Knowledge Repository
A Hub for online resources on NbS state-of-the-art practise.
NbS Resources
Cities are much warmer than their surroundings. Urban structures absorb and trap more solar and thermal radiation than soils or vegetation and that causes an increase in the urban temperature. Moreover, many human activities add heat to the urban climate. The heating and the cooling of buildings, the traffic, various industrial activities and our own human metabolism release energy in the form of heat, called anthropogenic heat. Because of these effects the rate of warming in cities is higher than the average global warming, a phenomenon known as the Urban Heat Island (UHI). Especially during heat waves, which are expected to occur more often, the UHI plus the heat wave can create an increase in energy consumption, a decrease in human comfort and significant human mortality.

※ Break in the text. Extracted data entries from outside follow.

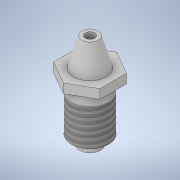
# Autodesk Inventor part: ZKE-Term-Solid
Saved by Autodesk Inventor 2021 (Build 250183000, 183)
## iProperties
Created: 2020-06-09
Part Number: ZKE-Term-Solid
Material: Generic
Document SubType Name: Modeling
Designer: lucas
Density: 1 g/cm^3
Appearance: Default
Project: 4Wire
Author: lucas
Revision Number: ZKE_SOLID
Autodesk Inventor part; units mm, degrees
ref_plane "YZ Plane" through (0, 0, 0) normal (1, 0, 0) x (0, 1, 0)
sketch "Sketch1" plane through (0, 0, 0) normal (0, 1, 0) x (-1, 0, 0)
  line L0 (0, 5.7735) -> (5, 2.8868)
  line L1 (5, 2.8868) -> (5, -2.8868)
  line L2 (5, -2.8868) -> (0, -5.7735)
  line L3 (0, -5.7735) -> (-5, -2.8868)
  line L4 (-5, -2.8868) -> (-5, 2.8868)
  line L5 (-5, 2.8868) -> (0, 5.7735)
  point P0 (0, 0)
  dimension "d24" = 10
  constraints: 12 end point, 13 other
  measures "d24" distance between parallel lines of L5 L2
extrude "Extrusion1" add sketch "Sketch1" along normal blind 2
sketch "Sketch2" plane through (0, 2, 0) normal (0, 1, 0) x (1, 0, 0)
  circle A0 centre (0, 0) radius 3.5
  dimension "d2" = 7
  constraints: 1 centre point
  measures "d2" diameter of A0
ref_plane "Work Plane1" through (0, 8, 0) normal (0, 1, 0) x (1, 0, 0)
sketch "Sketch3" plane through (0, 8, 0) normal (0, 1, 0) x (1, 0, 0)
  circle A0 centre (0, 0) radius 1.75
  dimension "d4" = 3.5
  constraints: 1 centre point
  measures "d4" diameter of A0
loft "Loft1" add profiles "Sketch2", "Sketch3"
sketch "Sketch4" plane through (0, 0, 0) normal (0, -1, 0) x (1, 0, 0)
  circle A0 centre (0, 0) radius 4
  dimension "d9" = 8
  constraints: 1 centre point
  measures "d9" diameter of A0
extrude "Extrusion2" add sketch "Sketch4" along normal blind 10.4
thread "Thread1" size "M8x1.25" class "6g" standard "ANSI Metric M Profile" length 8 offset 2.4
sketch "Sketch5" plane through (0, 8, 0) normal (0, 1, 0) x (1, 0, 0)
  circle A0 centre (0, 0) radius 1
  dimension "d14" = 2
  constraints: 1 centre point
  measures "d14" diameter of A0
ref_plane "Work Plane2" through (0, -12.4, 0) normal (0, -1, 0) x (1, 0, 0)
sketch "Sketch6" plane through (0, -12.4, 0) normal (0, -1, 0) x (1, 0, 0)
  circle A0 centre (0, 0) radius 2.25
  dimension "d16" = 4.5
  constraints: 1 centre point
  measures "d16" diameter of A0
sketch "Sketch7" plane through (0, -10.4, 0) normal (0, -1, 0) x (1, 0, 0)
  circle A0 centre (0, 0) radius 3.25
  dimension "d17" = 6.5
  constraints: 1 centre point
  measures "d17" diameter of A0
loft "Loft2" add profiles "Sketch7", "Sketch6"
extrude "Extrusion3" cut sketch "Sketch5" against normal up to surface (20.4 mm away)
body "Solid1"
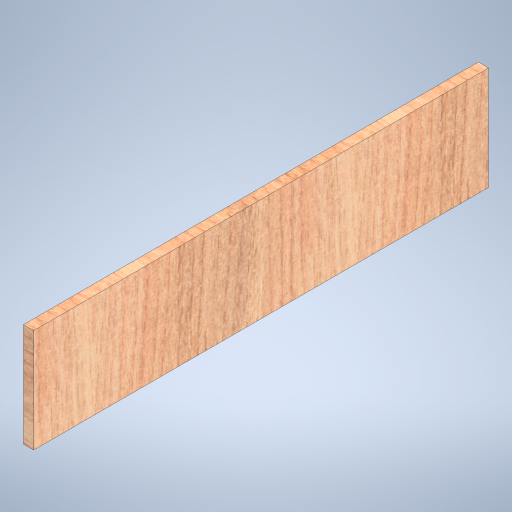
# Autodesk Inventor part: Grundfläche
Saved by Autodesk Inventor 2023 (Build 270158000, 158)
## iProperties
Created: 2024-01-25
Part Number: Grundfläche
Material: Generisch
Document SubType Name: Modeling
Designer: phili
Density: 1 g/cm^3
Appearance: Vorgabe
Author: phili
Autodesk Inventor part; units mm, degrees
ref_plane "YZ Plane" through (0, 0, 0) normal (1, 0, 0) x (0, 1, 0)
ref_plane "XZ Plane" through (0, 0, 0) normal (0, 1, 0) x (-1, 0, 0)
ref_plane "XY Plane" through (0, 0, 0) normal (0, 0, 1) x (1, 0, 0)
sketch "Skizze1" plane through (0, 0, 0) normal (1, 0, 0) x (0, 1, 0)
  line L0 (-50, -220) -> (50, -220)
  line L1 (50, -220) -> (50, 220)
  line L2 (50, 220) -> (-50, 220)
  line L3 (-50, 220) -> (-50, -220)
  line L4 (-50, -220) -> (50, 220) construction
  line L5 (50, -220) -> (-50, 220) construction
  point P0 (0, 0)
  dimension "d0" = 100
  dimension "d1" = 440
  constraints: 12 end point, 2 midpoint, 2 parallel, 1 horizontal, 1 perpendicular
  measures "d0" distance of L2.end L1.end
  measures "d1" distance of L1.end L0.end
extrude "Extrusion1" add sketch "Skizze1" along normal blind 10
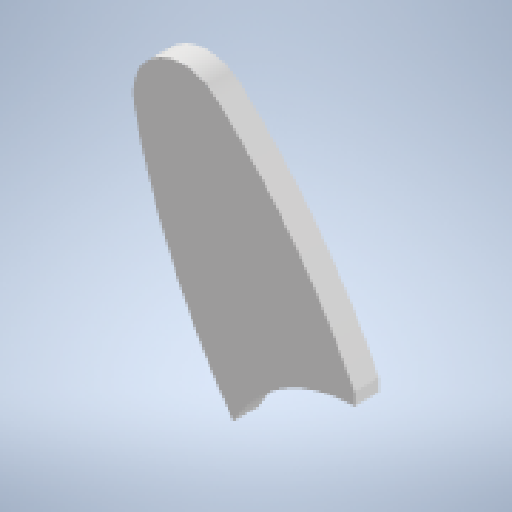
# Autodesk Inventor part: bunny ears
Saved by Autodesk Inventor 2024.2 (Build 282272000, 272)
## iProperties
Created: 2025-12-17
Part Number: bunny ears
Material: Generic
Document SubType Name: Modeling
Designer: David Toler II
Density: 1 g/cm^3
Appearance: Default
Author: David Toler II
Autodesk Inventor part; units mm, degrees
ref_plane "YZ Plane" through (0, 0, 0) normal (1, 0, 0) x (0, 1, 0)
ref_plane "XZ Plane" through (0, 0, 0) normal (0, 1, 0) x (-1, 0, 0)
ref_plane "XY Plane" through (0, 0, 0) normal (0, 0, 1) x (1, 0, 0)
sketch "Sketch1" plane through (0, 0, 0) normal (0, 0, 1) x (1, 0, 0)
  circle A0 centre (0, 0) radius 12.7
  line L0 (0, 0) -> (-43.9941, 76.2)
  line L1 (-43.9941, 76.2) -> (43.9941, 76.2)
  line L2 (43.9941, 76.2) -> (0, 0)
  line L3 (0, 0) -> (0, 76.2)
  circle A1 centre (-43.9941, 76.2) radius 12.7
  circle A2 centre (43.9941, 76.2) radius 12.7
  arc A3 (-56.3878, 73.4276) -> (-8.5978, -9.347) centre (99.6489, 108.3323) ccw
  arc A4 (12.3937, 2.7724) -> (-35.3963, 85.547) centre (-143.6429, -32.1323) ccw
  arc A5 (8.5978, -9.347) -> (56.3878, 73.4276) centre (-99.6489, 108.3323) ccw
  arc A6 (35.3963, 85.547) -> (-12.3937, 2.7724) centre (143.6429, -32.1323) ccw
  circle A7 centre (0, 0) radius 38.1
  circle A8 centre (0, 0) radius 34.925
  point P0 (-30.9793, 16.1257)
  point P1 (30.9793, 16.1257)
  point P2 (56.3878, 73.4276)
  point P3 (0, 38.0993)
  dimension "d2" = 25.4
  dimension "d3" = 25.4
  dimension "d0" = 76.2
  dimension "d1" = 60
  dimension "d4" = 25.4
  dimension "d5" = 159.893
  dimension "d6" = 76.2
  dimension "d7" = 3.175
  constraints: 9 symmetric about line, 8 end point, 8 point on circle, 7 centre point, 5 coincident, 1 horizontal, 1 midpoint, 1 perpendicular, 11 other
  measures "d0" distance from line of point (0, 0) L1
  measures "d1" angle of L2 L0
  measures "d4" diameter of A2
  measures "d5" radius of A3
  measures "d6" diameter of A7
  measures "d7" radial gap between concentric circles of A7 A8
extrude "Extrusion1" add sketch "Sketch1" along normal blind 6.35 contours A8 L2 A7 A5 | A8 A4 A7 L2 | A8 L3 A4 | A3 A7 L0 A8 | A7 L2 A2 A5 | A8 A6 L3 | A7 A6 L1 A2 L2 | A7 L0 A1 L1 A4 | A6 A8 L0 A7 | A3 A1 L0 A7 | A2 L2 L1 | A2 L1 L2 | L1 A1 A4 | A6 A2 L1 | A1 L1 L0 | A1 L0 L1
sketch "Sketch2" plane through (0, 0, 6.35) normal (0, 0, 1) x (1, 0, 0)
  arc A0 (-56.3878, 73.4276) -> (-30.9793, 16.1257) centre (99.6489, 108.3323) ccw projected
  arc A1 (30.9793, 16.1257) -> (-30.9793, 16.1257) centre (0, 0) ccw projected
  arc A2 (30.9793, 16.1257) -> (56.3878, 73.4276) centre (-99.6489, 108.3323) ccw projected
  arc A3 (56.3878, 73.4276) -> (35.3963, 85.547) centre (43.9941, 76.2) ccw projected
  arc A4 (35.3963, 85.547) -> (0, 38.0993) centre (143.6429, -32.1323) ccw projected
  arc A5 (0, 38.0993) -> (-35.3963, 85.547) centre (-143.6429, -32.1323) ccw projected
  arc A6 (-35.3963, 85.547) -> (-56.3878, 73.4276) centre (-43.9941, 76.2) ccw projected
  line L0 (0, 38.0993) -> (0, 34.925)
  constraints: 2 end point, 1 point on circle
extrude "Extrusion2" cut sketch "Sketch2" against normal through all contours L0 A4 A3 A2 A1
body "Solid1"

URBANFLUXES investigates the cities' warming by breaking down the urban energy budget and targeting the anthropogenic heat flux. For this research we use imagery from Earth Observation satellites combined with conventional meteorological measurements at street level. The resulted satellite-based approach is expected to be easily transferable to any city. With this knowledge, measures to reduce urban heat can be monitored and tested.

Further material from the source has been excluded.